4.2 A synthetic chemist in a CSIRO laboratory makes an amino acid from scratch without using biological enzymes. The product contains equal amounts of the L- and D-forms. Identify what type of mixture this is, and predict the optical rotation result. 2 marks

Stuck? Biological specificity (Lesson 13 Card 3) is the key concept for 4.1; racemic mixture and optical activity for 4.2.

Answers — Do not peek before attempting

Q1.1

Molecular formula (C₁₃H₁₈O₂) and melting point (52°C) are identical for both ibuprofen enantiomers. Solubility is also the same. [1 mark each, any two of these three]

Q1.2

(S)- and (R)-ibuprofen are non-superimposable mirror images (enantiomers) [1]. They rotate plane-polarised light by the same amount because they have the same strength of interaction with polarised light, but in opposite directions because their spatial arrangements are mirror images of each other [1].

Q1.3

The table shows that R-ibuprofen slowly converts to S-ibuprofen inside the body [1]. Therefore, even though only the S-form is initially active, the R-form acts as a reservoir that is metabolically converted to the active enantiomer, so the racemic drug still delivers analgesic effect over time [1].

Q1.4

The table shows the R-enantiomer is associated with sedative effects, not teratogenic effects. However, thalidomide enantiomers interconvert (racemise) in the body under physiological conditions [1]. So even if only the R-form were administered, it would convert to the S-form inside the patient, meaning the teratogenic form would still be present. A registry is needed to monitor this ongoing risk in women of child-bearing age [1].

Q2.1

Sample 1 (+51°) is the enantiopure pharmacologically active form. The lesson states (S)-ibuprofen is the active anti-inflammatory enantiomer [1], and the reference value for pure (S)-ibuprofen is +51°, matching Sample 1 [1].

Q2.2

Sample 3 (~0°) is most likely a racemic mixture (50:50 R and S) [1]. A polarimeter would show zero net optical rotation because the equal and opposite rotations of the two enantiomers cancel [1].

Q2.3

+26° is approximately half of +51°, so Sample 4 is not a pure enantiomer [1]. An ee% of ~51% means there is 51% more (S)-ibuprofen than (R)-ibuprofen in the sample [1]. In a 100 g sample there would be approximately 75.5 g of S-form and 24.5 g of R-form — the sample contains both enantiomers but is enriched in the S-form [1].
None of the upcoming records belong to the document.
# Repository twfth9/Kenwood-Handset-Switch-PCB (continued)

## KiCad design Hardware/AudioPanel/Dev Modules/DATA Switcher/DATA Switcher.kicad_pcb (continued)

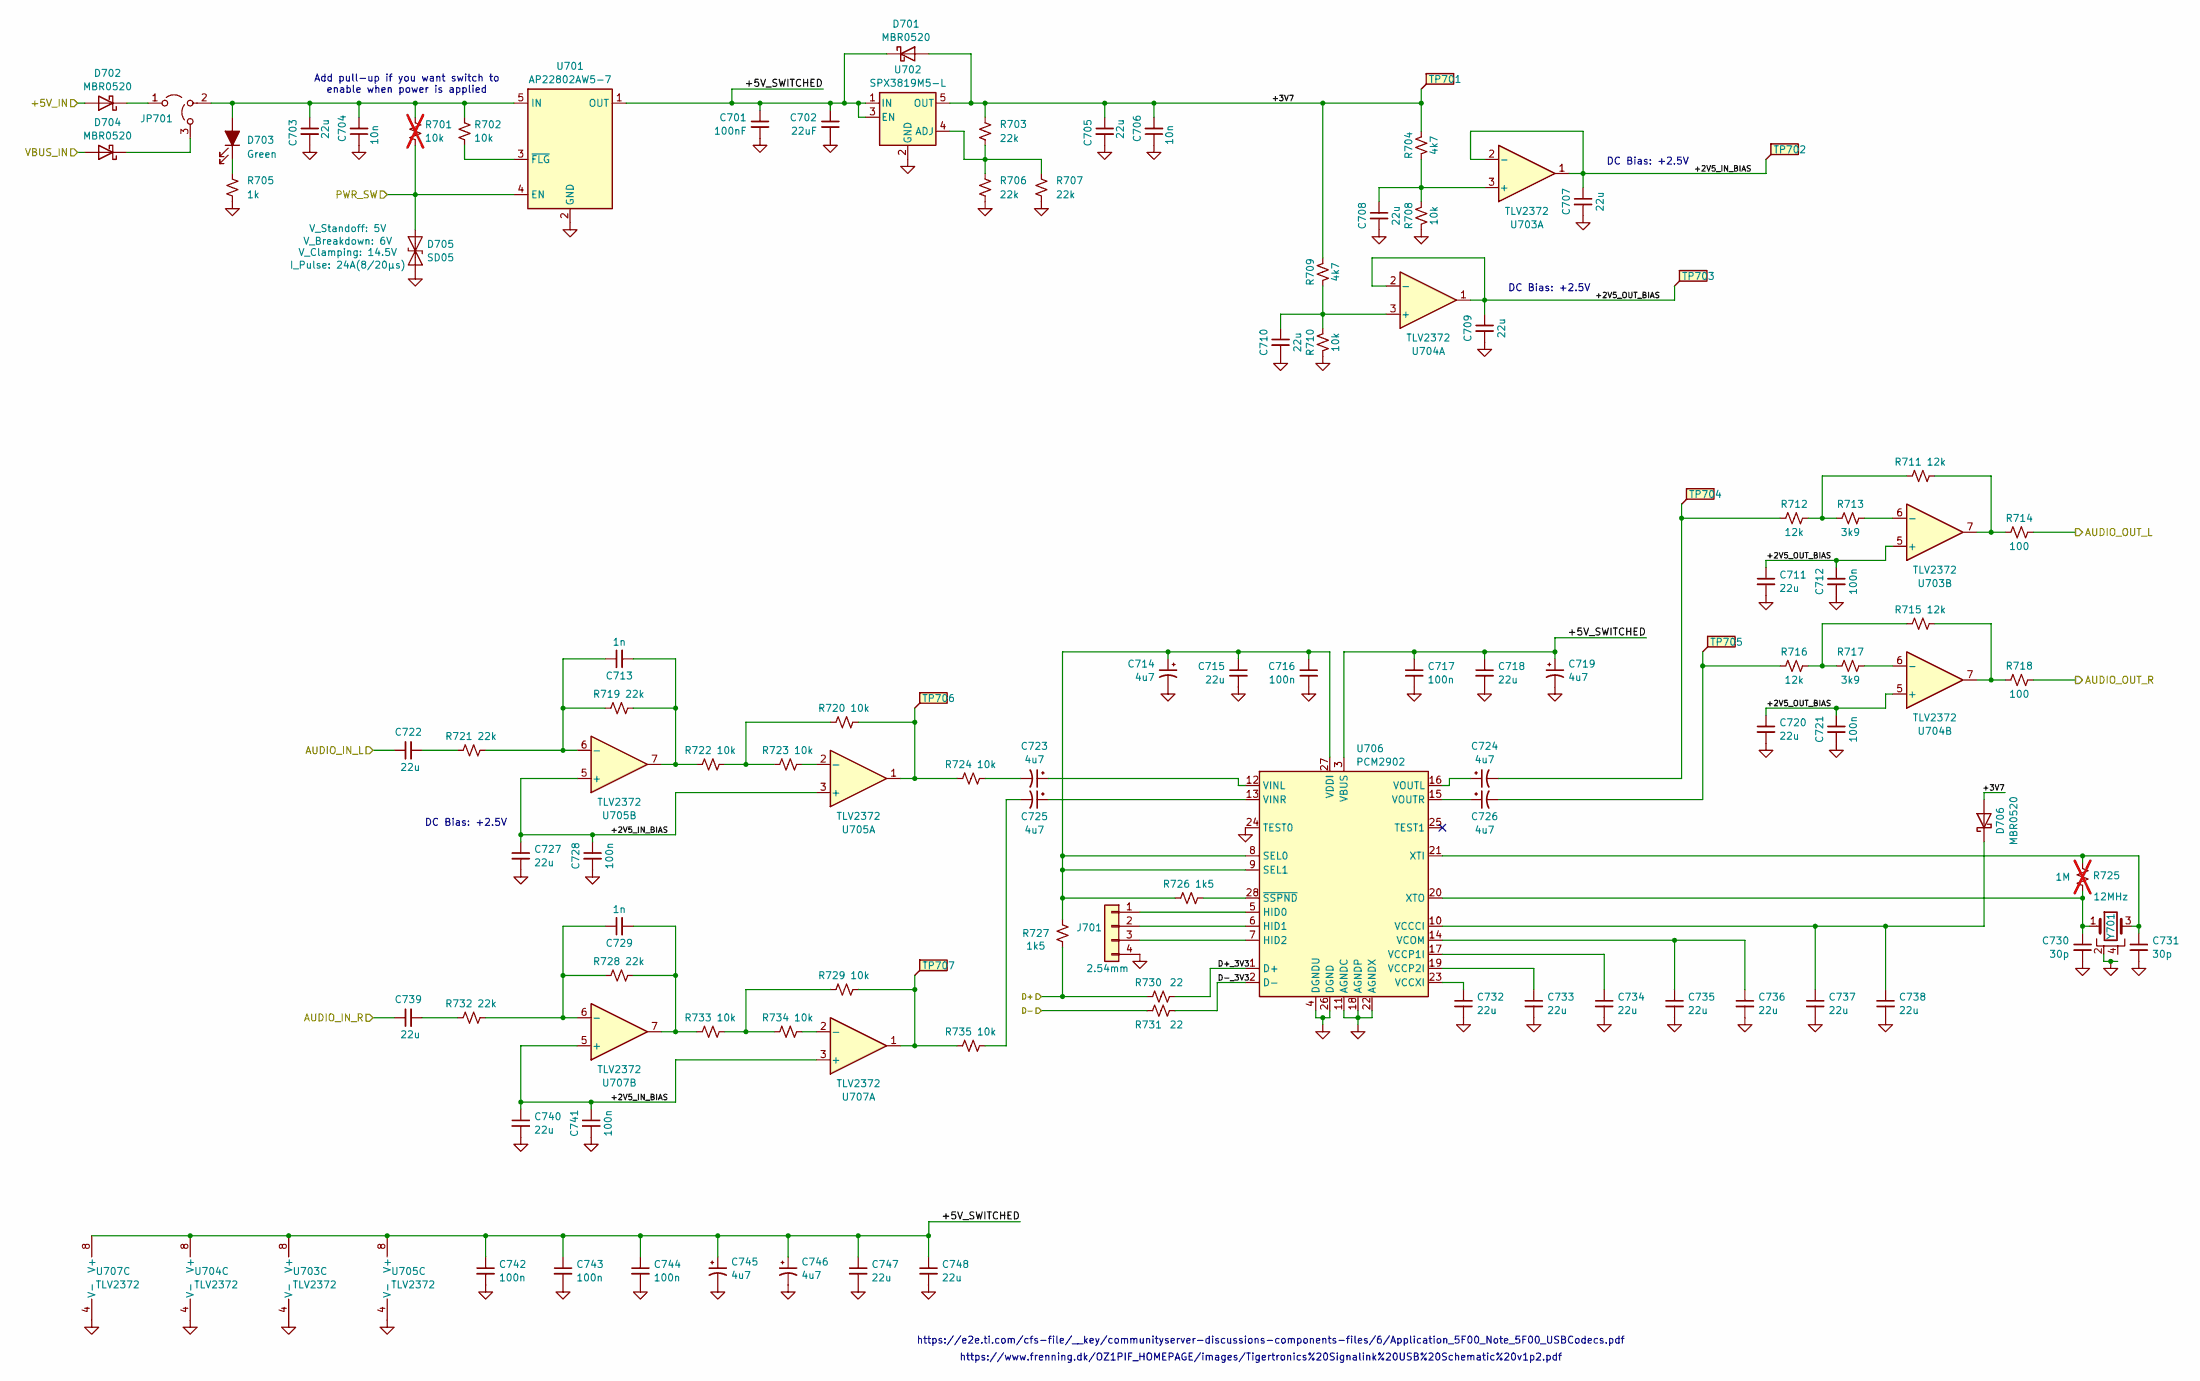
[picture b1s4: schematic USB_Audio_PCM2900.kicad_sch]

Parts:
C701: 100nF; Worthington_C_0402
C702: 22uF; Worthington_C_0603
C703, C705, C707, C708, C709, C710, C711, C715, C718, C720, C722, C727, C732, C733, C734, C735, C736, C737, C738, C739, C740, C747, C748: 22u; Worthington_C_0603
C704, C706: 10n; Worthington_C_0402
C712, C716, C717, C721, C728, C741, C742, C743, C744: 100n; Worthington_C_0402
C713, C729: 1n; Worthington_C_0402
C714, C719, C723, C724, C725, C726, C745, C746: 4u7; CP_EIA-3216-18_Kemet-A
C730, C731: 30p; Worthington_C_0402
D701, D702, D704, D706: MBR0520; D_SOD-123
D703: Green; Worthington_LED_0603; DigiKey Part Number 732-5016-ND
D705: SD05; D_SOD-323
J701: 2.54mm; PinHeader_1x04_P2.54mm_Vertical
JP701: Jumper_3_Open; SolderBridge_3L
R701: 10k; Worthington_R_0402; not fitted
R702, R708, R710, R720, R722, R723, R724, R729, R733, R734, R735: 10k; Worthington_R_0402
R703, R706, R707: 22k; Worthington_R_0402; DigiKey Part Number 311-510HRCT-ND
R704, R709: 4k7; Worthington_R_0402
R705: 1k; Worthington_R_0402; DigiKey Part Number 311-510HRCT-ND
R711, R712, R715, R716: 12k; Worthington_R_0402
R713, R717: 3k9; Worthington_R_0402
R714, R718: 100; Worthington_R_0402
R719, R721, R728, R732: 22k; Worthington_R_0402
R725: 1M; Worthington_R_0402; not fitted
R726, R727: 1k5; Worthington_R_0402
R730, R731: 22; Worthington_R_0402
TP701, TP702, TP703, TP704, TP705, TP706, TP707: TestPoint_Flag; KEYSTONE_5017
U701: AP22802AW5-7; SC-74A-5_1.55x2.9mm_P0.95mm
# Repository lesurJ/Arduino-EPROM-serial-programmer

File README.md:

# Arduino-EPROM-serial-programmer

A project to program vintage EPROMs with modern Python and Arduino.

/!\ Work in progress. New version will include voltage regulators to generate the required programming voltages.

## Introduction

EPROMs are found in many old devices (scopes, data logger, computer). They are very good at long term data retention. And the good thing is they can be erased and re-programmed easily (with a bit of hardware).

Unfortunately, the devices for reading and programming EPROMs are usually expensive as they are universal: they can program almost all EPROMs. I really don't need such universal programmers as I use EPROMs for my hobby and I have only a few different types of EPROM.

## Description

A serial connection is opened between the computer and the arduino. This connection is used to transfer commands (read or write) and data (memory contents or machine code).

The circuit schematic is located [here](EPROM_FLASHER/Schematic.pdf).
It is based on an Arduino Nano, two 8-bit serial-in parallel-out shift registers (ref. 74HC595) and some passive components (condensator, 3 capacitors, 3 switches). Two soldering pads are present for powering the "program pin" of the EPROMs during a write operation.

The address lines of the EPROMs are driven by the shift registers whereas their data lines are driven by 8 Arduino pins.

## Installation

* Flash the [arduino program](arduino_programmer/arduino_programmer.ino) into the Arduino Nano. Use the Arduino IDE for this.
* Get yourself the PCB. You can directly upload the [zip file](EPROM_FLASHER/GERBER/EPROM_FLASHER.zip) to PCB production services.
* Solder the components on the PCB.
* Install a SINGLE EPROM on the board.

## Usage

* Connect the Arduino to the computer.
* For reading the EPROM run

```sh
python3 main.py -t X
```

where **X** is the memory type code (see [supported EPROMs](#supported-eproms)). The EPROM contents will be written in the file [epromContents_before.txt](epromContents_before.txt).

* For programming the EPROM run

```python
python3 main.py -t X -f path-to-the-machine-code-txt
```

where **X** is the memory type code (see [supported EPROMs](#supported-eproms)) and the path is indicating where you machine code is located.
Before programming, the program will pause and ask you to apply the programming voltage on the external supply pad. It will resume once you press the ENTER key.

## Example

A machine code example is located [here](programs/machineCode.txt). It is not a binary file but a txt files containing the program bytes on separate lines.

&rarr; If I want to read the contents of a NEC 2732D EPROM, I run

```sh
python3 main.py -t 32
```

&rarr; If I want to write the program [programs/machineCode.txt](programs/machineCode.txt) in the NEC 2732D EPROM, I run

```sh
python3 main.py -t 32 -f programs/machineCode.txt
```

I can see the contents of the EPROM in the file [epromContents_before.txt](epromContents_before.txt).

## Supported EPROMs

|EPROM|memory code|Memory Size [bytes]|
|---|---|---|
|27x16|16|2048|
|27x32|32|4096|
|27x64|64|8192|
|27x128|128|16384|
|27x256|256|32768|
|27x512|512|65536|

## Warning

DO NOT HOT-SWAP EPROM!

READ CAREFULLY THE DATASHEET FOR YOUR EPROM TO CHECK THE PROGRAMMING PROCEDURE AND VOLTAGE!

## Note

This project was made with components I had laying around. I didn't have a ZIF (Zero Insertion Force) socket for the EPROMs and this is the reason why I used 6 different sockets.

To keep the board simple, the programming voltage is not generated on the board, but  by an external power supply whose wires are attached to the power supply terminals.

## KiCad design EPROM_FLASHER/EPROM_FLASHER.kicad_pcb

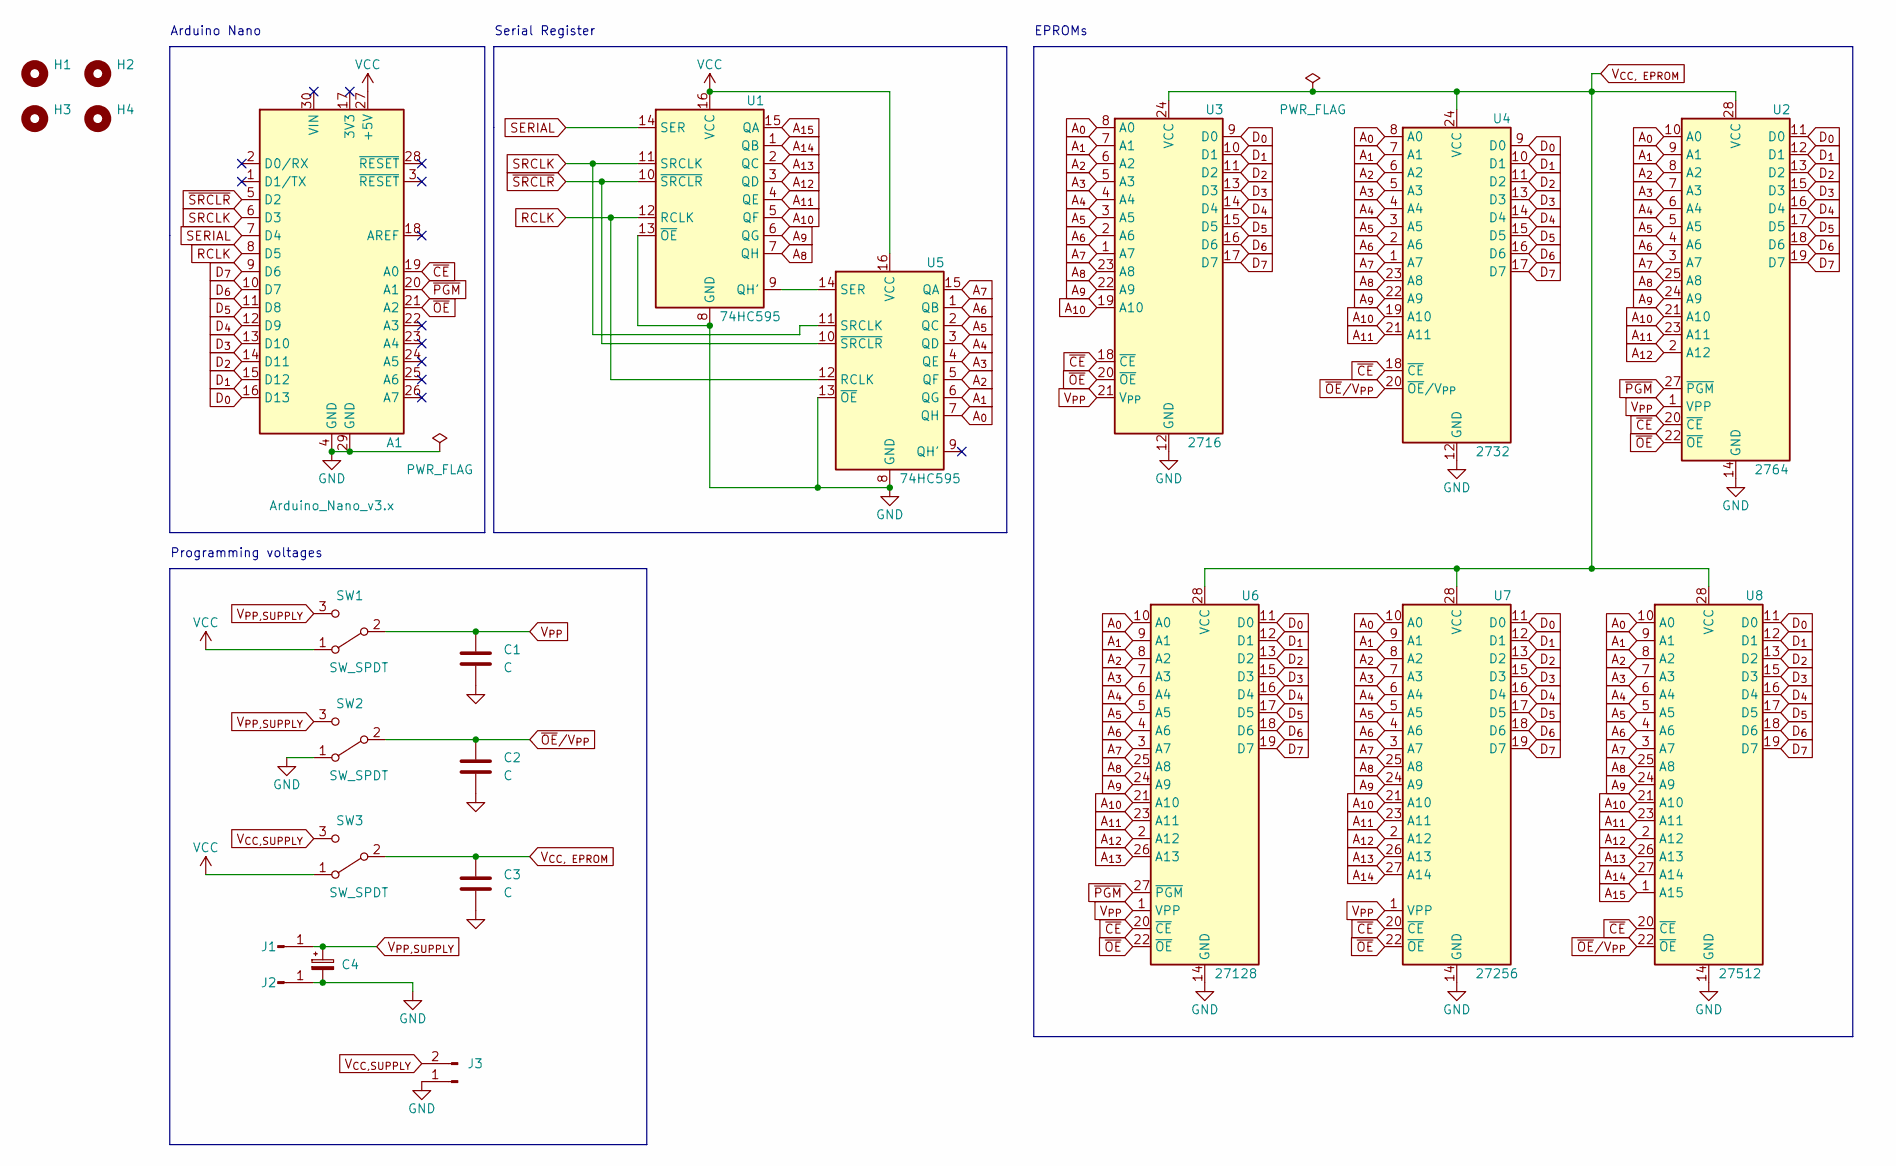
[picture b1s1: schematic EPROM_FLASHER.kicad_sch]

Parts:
A1: Arduino_Nano_v3.x; Arduino_Nano
C1, C2, C3: C; C_Disc_D9.0mm_W2.5mm_P5.00mm
C4: C_Polarized_Small; CP_Radial_D8.0mm_P3.50mm
H1, H2, H3, H4: MountingHole; MountingHole_2.2mm_M2
J1, J2: Conn_01x01_Male; TestPoint_Pad_4.0x4.0mm
J3: Conn_01x02_Male; PinHeader_1x02_P2.54mm_Vertical
SW1, SW2, SW3: SW_SPDT; SPDT_p2.54mm
U1, U5: 74HC595; DIP-16_W7.62mm
U2: 2764; DIP-28_W15.24mm
U3: 2716; DIP-24_W15.24mm
U4: 2732; DIP-24_W15.24mm
U6: 27128; DIP-28_W15.24mm
U7: 27256; DIP-28_W15.24mm
U8: 27512; DIP-28_W15.24mm

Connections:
A_{0}: U2.10 (A0), U3.8 (A0), U4.8 (A0), U5.7 (QH), U6.10 (A0), U7.10 (A0), U8.10 (A0)
A_{1}: U2.9 (A1), U3.7 (A1), U4.7 (A1), U5.6 (QG), U6.9 (A1), U7.9 (A1), U8.9 (A1)
A_{2}: U2.8 (A2), U3.6 (A2), U4.6 (A2), U5.5 (QF), U6.8 (A2), U7.8 (A2), U8.8 (A2)
A_{3}: U2.7 (A3), U3.5 (A3), U4.5 (A3), U5.4 (QE), U6.7 (A3), U7.7 (A3), U8.7 (A3)
A_{4}: U2.6 (A4), U3.4 (A4), U4.4 (A4), U5.3 (QD), U6.6 (A4), U7.6 (A4), U8.6 (A4)
A_{5}: U2.5 (A5), U3.3 (A5), U4.3 (A5), U5.2 (QC), U6.5 (A5), U7.5 (A5), U8.5 (A5)
A_{6}: U2.4 (A6), U3.2 (A6), U4.2 (A6), U5.1 (QB), U6.4 (A6), U7.4 (A6), U8.4 (A6)
A_{7}: U2.3 (A7), U3.1 (A7), U4.1 (A7), U5.15 (QA), U6.3 (A7), U7.3 (A7), U8.3 (A7)
A_{8}: U1.7 (QH), U2.25 (A8), U3.23 (A8), U4.23 (A8), U6.25 (A8), U7.25 (A8), U8.25 (A8)
A_{9}: U1.6 (QG), U2.24 (A9), U3.22 (A9), U4.22 (A9), U6.24 (A9), U7.24 (A9), U8.24 (A9)
A_{10}: U1.5 (QF), U2.21 (A10), U3.19 (A10), U4.19 (A10), U6.21 (A10), U7.21 (A10), U8.21 (A10)
A_{11}: U1.4 (QE), U2.23 (A11), U4.21 (A11), U6.23 (A11), U7.23 (A11), U8.23 (A11)
A_{12}: U1.3 (QD), U2.2 (A12), U6.2 (A12), U7.2 (A12), U8.2 (A12)
A_{13}: U1.2 (QC), U6.26 (A13), U7.26 (A13), U8.26 (A13)
A_{14}: U1.1 (QB), U7.27 (A14), U8.27 (A14)
A_{15}: U1.15 (QA), U8.1 (A15)
D_{0}: A1.16 (D13), U2.11 (D0), U3.9 (D0), U4.9 (D0), U6.11 (D0), U7.11 (D0), U8.11 (D0)
D_{1}: A1.15 (D12), U2.12 (D1), U3.10 (D1), U4.10 (D1), U6.12 (D1), U7.12 (D1), U8.12 (D1)
D_{2}: A1.14 (D11), U2.13 (D2), U3.11 (D2), U4.11 (D2), U6.13 (D2), U7.13 (D2), U8.13 (D2)
D_{3}: A1.13 (D10), U2.15 (D3), U3.13 (D3), U4.13 (D3), U6.15 (D3), U7.15 (D3), U8.15 (D3)
D_{4}: A1.12 (D9), U2.16 (D4), U3.14 (D4), U4.14 (D4), U6.16 (D4), U7.16 (D4), U8.16 (D4)
D_{5}: A1.11 (D8), U2.17 (D5), U3.15 (D5), U4.15 (D5), U6.17 (D5), U7.17 (D5), U8.17 (D5)
D_{6}: A1.10 (D7), U2.18 (D6), U3.16 (D6), U4.16 (D6), U6.18 (D6), U7.18 (D6), U8.18 (D6)
D_{7}: A1.9 (D6), U2.19 (D7), U3.17 (D7), U4.17 (D7), U6.19 (D7), U7.19 (D7), U8.19 (D7)
GND: A1.4 (GND), A1.29 (GND), C1.2, C2.2, C3.2, C4.2, J2.1, J3.1, SW2.1 (A), U1.8 (GND), U1.13 (~OE), U2.14 (GND), U3.12 (GND), U4.12 (GND), U5.8 (GND), U5.13 (~OE), U6.14 (GND), U7.14 (GND), U8.14 (GND)
unnamed: U1.9 (QH'), U5.14 (SER)
RCLK: A1.8 (D5), U1.12 (RCLK), U5.12 (RCLK)
SERIAL: A1.7 (D4), U1.14 (SER)
SRCLK: A1.6 (D3), U1.11 (SRCLK), U5.11 (SRCLK)
VCC: A1.27 (+5V), SW1.1 (A), SW3.1 (A), U1.16 (VCC), U5.16 (VCC)
V_{CC, EPROM}: C3.1, SW3.2 (B), U2.28 (VCC), U3.24 (VCC), U4.24 (VCC), U6.28 (VCC), U7.28 (VCC), U8.28 (VCC)
V_{CC,SUPPLY}: J3.2, SW3.3 (C)
V_{PP,SUPPLY}: C4.1, J1.1, SW1.3 (C), SW2.3 (C)
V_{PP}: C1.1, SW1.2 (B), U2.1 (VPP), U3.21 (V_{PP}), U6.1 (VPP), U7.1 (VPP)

Q3 — Cause-and-effect chain

Effect 1: Patients received a racemic mixture containing both the R- and S-enantiomers of thalidomide.

Effect 2: Both enantiomers entered the pregnant women's bodies, including the S-enantiomer.

Effect 3: The S-enantiomer interacted with chiral biological targets in the developing foetus differently from the R-enantiomer, producing teratogenic effects that caused birth defects.

Overall outcome: Drug regulators now require investigation of each enantiomer separately, and modern drug development prefers enantiopure drugs where possible to avoid administering a potentially harmful enantiomer.

Q4.1

Enzymes have chiral active sites shaped to bind only the L-configuration of amino acids [1]. D-amino acids, being non-superimposable mirror images of the L-form, do not fit the enzyme's active site correctly, so the enzyme cannot catalyse their incorporation into a peptide chain [1].

Q4.2

This is a racemic mixture (50:50 L- and D-amino acid) [1]. The optical rotation would be zero (no net rotation) because the equal amounts of L- and D-forms rotate plane-polarised light in opposite directions and cancel out [1].